Increased infectivity, antibody escape drive SARS-CoV-2 evolution

Increased infectivity, antibody escape drive SARS-CoV-2 evolution

First announced by the World Health Organization on Nov. 26, 2021, the SARS-CoV-2 omicron variant spread rapidly around the world, becoming the dominant variant in the U.S. and elsewhere. Now, researchers report in ACS Infectious Diseases and the Journal of Chemical Information and Modeling that omicron and other variants are evolving increased infectivity and antibody escape, according to an artificial intelligence (AI) model. Therefore, new vaccines and antibody therapies are desperately needed, the researchers say.

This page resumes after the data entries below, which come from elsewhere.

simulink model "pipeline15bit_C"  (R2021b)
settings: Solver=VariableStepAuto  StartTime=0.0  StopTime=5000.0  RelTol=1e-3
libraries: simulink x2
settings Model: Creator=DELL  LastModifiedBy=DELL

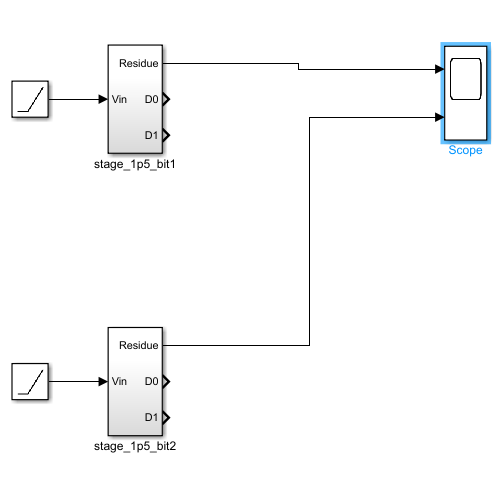
[thumbnail: Simulink's stored preview of the top-level diagram]
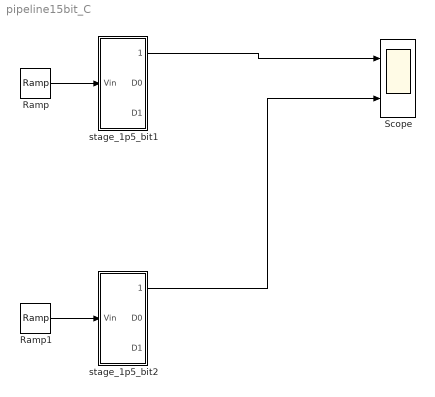
== system pipeline15bit_C ==
  Ramp : simulink/Sources/Ramp  slope=1/160  start=0  InitialOutput=-1
  Ramp1 : simulink/Sources/Ramp  slope=1/160  start=0  InitialOutput=-1
  Scope : Scope  NumInputPorts=2
  stage_1p5_bit1 : Subsystem
  stage_1p5_bit2 : Subsystem
  wires:
  Ramp1/1 -> stage_1p5_bit2/1(Vin)
  Ramp/1 -> stage_1p5_bit1/1(Vin)
  stage_1p5_bit1/1(Residue) -> Scope/1
  stage_1p5_bit2/1(Residue) -> Scope/2

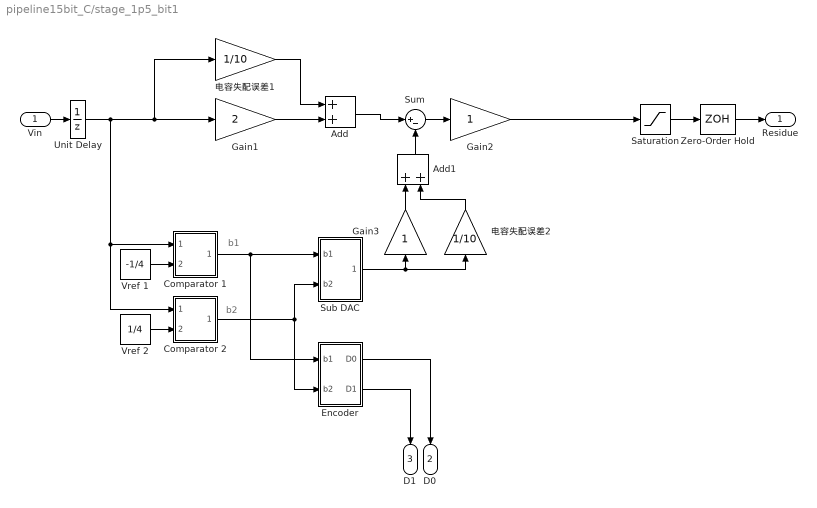
== system pipeline15bit_C/stage_1p5_bit1 ==
  note: b2
  note: b1
  Vin : Inport
  Add : Sum
  Add1 : Sum
  Comparator 1 : Subsystem
  Comparator 2 : Subsystem
  Encoder : Subsystem
  Gain1 : Gain  Gain=2
  Gain2 : Gain
  Gain3 : Gain
  Saturation : Saturate  UpperLimit=1  LowerLimit=-1
  Sub DAC : Subsystem
  Sum : Sum  Inputs=|+-
  Unit Delay : UnitDelay  SampleTime=-1  HasFrameUpgradeWarning=on
  Vref 1 : Constant  Value=-1/4
  Vref 2 : Constant  Value=1/4
  Zero-Order Hold : ZeroOrderHold
  电容失配误差1 : Gain  Gain=1/10
  电容失配误差2 : Gain  Gain=1/10
  Residue : Outport
  D0 : Outport  Port=2
  D1 : Outport  Port=3
  wires:
  Vref 1/1 -> Comparator 1/2(Vref)
  Sum/1 -> Gain2/1
  Saturation/1 -> Zero-Order Hold/1
  Zero-Order Hold/1 -> Residue/1
  Vref 2/1 -> Comparator 2/2(Vref)
  Comparator 2/1(Out) -> Sub DAC/2(b2), Encoder/2(b2)
  Vin/1 -> Unit Delay/1
  Comparator 1/1(Out) -> Encoder/1(b1), Sub DAC/1(b1)
  Unit Delay/1 -> Comparator 1/1(Vin), Comparator 2/1(Vin), 电容失配误差1/1, Gain1/1
  Sub DAC/1(Vdac) -> 电容失配误差2/1, Gain3/1
  Encoder/1(D0) -> D0/1
  Encoder/2(D1) -> D1/1
  Add1/1 -> Sum/2
  Gain3/1 -> Add1/1
  Gain2/1 -> Saturation/1
  Gain1/1 -> Add/2
  Add/1 -> Sum/1
  电容失配误差1/1 -> Add/1
  电容失配误差2/1 -> Add1/2

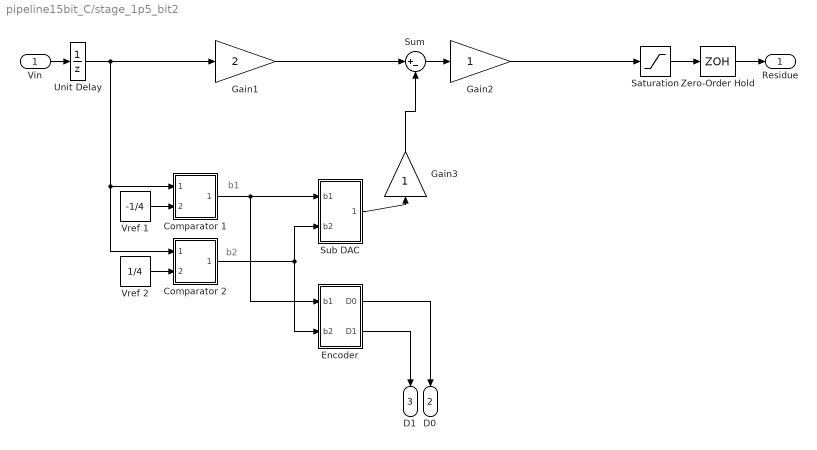
== system pipeline15bit_C/stage_1p5_bit2 ==
  note: b2
  note: b1
  Vin : Inport
  Comparator 1 : Subsystem
  Comparator 2 : Subsystem
  Encoder : Subsystem
  Gain1 : Gain  Gain=2
  Gain2 : Gain
  Gain3 : Gain
  Saturation : Saturate  UpperLimit=1  LowerLimit=-1
  Sub DAC : Subsystem
  Sum : Sum  Inputs=|+-
  Unit Delay : UnitDelay  SampleTime=-1  HasFrameUpgradeWarning=on
  Vref 1 : Constant  Value=-1/4
  Vref 2 : Constant  Value=1/4
  Zero-Order Hold : ZeroOrderHold
  Residue : Outport
  D0 : Outport  Port=2
  D1 : Outport  Port=3
  wires:
  Vref 1/1 -> Comparator 1/2(Vref)
  Sum/1 -> Gain2/1
  Saturation/1 -> Zero-Order Hold/1
  Zero-Order Hold/1 -> Residue/1
  Vref 2/1 -> Comparator 2/2(Vref)
  Comparator 2/1(Out) -> Sub DAC/2(b2), Encoder/2(b2)
  Vin/1 -> Unit Delay/1
  Comparator 1/1(Out) -> Encoder/1(b1), Sub DAC/1(b1)
  Unit Delay/1 -> Comparator 1/1(Vin), Comparator 2/1(Vin), Gain1/1
  Sub DAC/1(Vdac) -> Gain3/1
  Encoder/1(D0) -> D0/1
  Encoder/2(D1) -> D1/1
  Gain3/1 -> Sum/2
  Gain2/1 -> Saturation/1
  Gain1/1 -> Sum/1

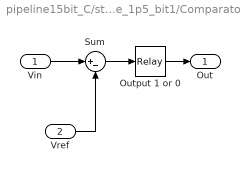
== system pipeline15bit_C/stage_1p5_bit1/Comparator 1 ==
  Vin : Inport
  Vref : Inport  Port=2
  Output 1 or 0 : Relay  OnSwitchValue=0  OffSwitchValue=0
  Sum : Sum  Inputs=|+-
  Out : Outport
  wires:
  Sum/1 -> Output 1 or 0/1
  Vin/1 -> Sum/1
  Output 1 or 0/1 -> Out/1
  Vref/1 -> Sum/2

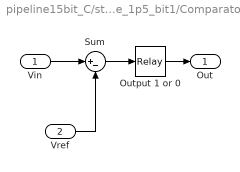
== system pipeline15bit_C/stage_1p5_bit1/Comparator 2 ==
  Vin : Inport
  Vref : Inport  Port=2
  Output 1 or 0 : Relay  OnSwitchValue=0  OffSwitchValue=0
  Sum : Sum  Inputs=|+-
  Out : Outport
  wires:
  Sum/1 -> Output 1 or 0/1
  Vin/1 -> Sum/1
  Output 1 or 0/1 -> Out/1
  Vref/1 -> Sum/2

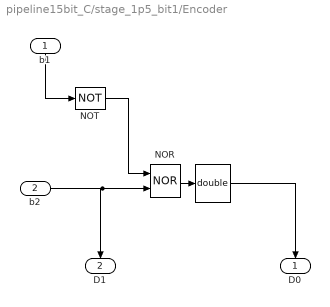
== system pipeline15bit_C/stage_1p5_bit1/Encoder ==
  b1 : Inport
  b2 : Inport  Port=2
  " " : DataTypeConversion  OutDataTypeStr=double
  NOR : Logic  Operator=NOR  AllPortsSameDT=off  OutDataTypeStr=boolean
  NOT : Logic  Operator=NOT  AllPortsSameDT=off  OutDataTypeStr=boolean
  D0 : Outport
  D1 : Outport  Port=2
  wires:
  b2/1 -> D1/1, NOR/2
  NOR/1 -> " "/1
  " "/1 -> D0/1
  NOT/1 -> NOR/1
  b1/1 -> NOT/1

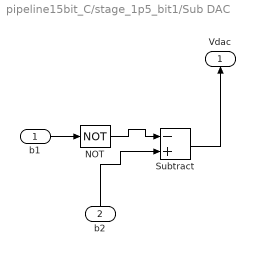
== system pipeline15bit_C/stage_1p5_bit1/Sub DAC ==
  b1 : Inport
  b2 : Inport  Port=2
  NOT : Logic  Operator=NOT  AllPortsSameDT=off  OutDataTypeStr=boolean
  Subtract : Sum  Inputs=-+
  Vdac : Outport
  wires:
  b2/1 -> Subtract/2
  b1/1 -> NOT/1
  Subtract/1 -> Vdac/1
  NOT/1 -> Subtract/1

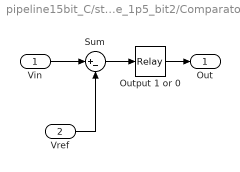
== system pipeline15bit_C/stage_1p5_bit2/Comparator 1 ==
  Vin : Inport
  Vref : Inport  Port=2
  Output 1 or 0 : Relay  OnSwitchValue=0  OffSwitchValue=0
  Sum : Sum  Inputs=|+-
  Out : Outport
  wires:
  Sum/1 -> Output 1 or 0/1
  Vin/1 -> Sum/1
  Output 1 or 0/1 -> Out/1
  Vref/1 -> Sum/2

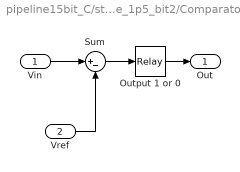
== system pipeline15bit_C/stage_1p5_bit2/Comparator 2 ==
  Vin : Inport
  Vref : Inport  Port=2
  Output 1 or 0 : Relay  OnSwitchValue=0  OffSwitchValue=0
  Sum : Sum  Inputs=|+-
  Out : Outport
  wires:
  Sum/1 -> Output 1 or 0/1
  Vin/1 -> Sum/1
  Output 1 or 0/1 -> Out/1
  Vref/1 -> Sum/2

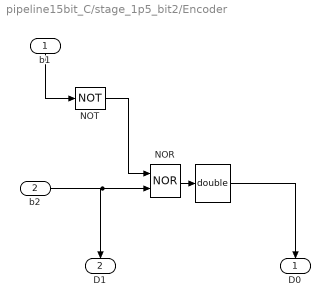
== system pipeline15bit_C/stage_1p5_bit2/Encoder ==
  b1 : Inport
  b2 : Inport  Port=2
  " " : DataTypeConversion  OutDataTypeStr=double
  NOR : Logic  Operator=NOR  AllPortsSameDT=off  OutDataTypeStr=boolean
  NOT : Logic  Operator=NOT  AllPortsSameDT=off  OutDataTypeStr=boolean
  D0 : Outport
  D1 : Outport  Port=2
  wires:
  b2/1 -> D1/1, NOR/2
  NOR/1 -> " "/1
  " "/1 -> D0/1
  NOT/1 -> NOR/1
  b1/1 -> NOT/1

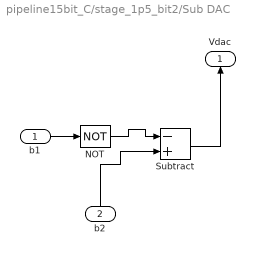
== system pipeline15bit_C/stage_1p5_bit2/Sub DAC ==
  b1 : Inport
  b2 : Inport  Port=2
  NOT : Logic  Operator=NOT  AllPortsSameDT=off  OutDataTypeStr=boolean
  Subtract : Sum  Inputs=-+
  Vdac : Outport
  wires:
  b2/1 -> Subtract/2
  b1/1 -> NOT/1
  Subtract/1 -> Vdac/1
  NOT/1 -> Subtract/1

Understanding how SARS-CoV-2 evolves is essential to predicting vaccine breakthrough and designing mutation-proof vaccines and monoclonal antibody treatments. In a recent study in ACS Infectious Diseases, Guo-Wei Wei and colleagues analyzed almost 1.5 million SARS-CoV-2 genome sequences taken from people with COVID-19. They identified 683 unique mutations in the receptor binding domain (RBD), the region of the SARS-CoV-2 spike protein that attaches to the human ACE2 receptor on the surface of human cells. Then, they used an AI model to predict how these mutations affect binding strength of the RBD to ACE2 and to 130 antibody structures, including several monoclonal antibodies used as therapies. The team found that mutations to strengthen infectivity are the driving force for viral evolution, whereas in highly vaccinated populations, mutations that allow the virus to escape vaccines become dominant. The researchers also predicted that certain combinations of mutations have a high likelihood of massive spread.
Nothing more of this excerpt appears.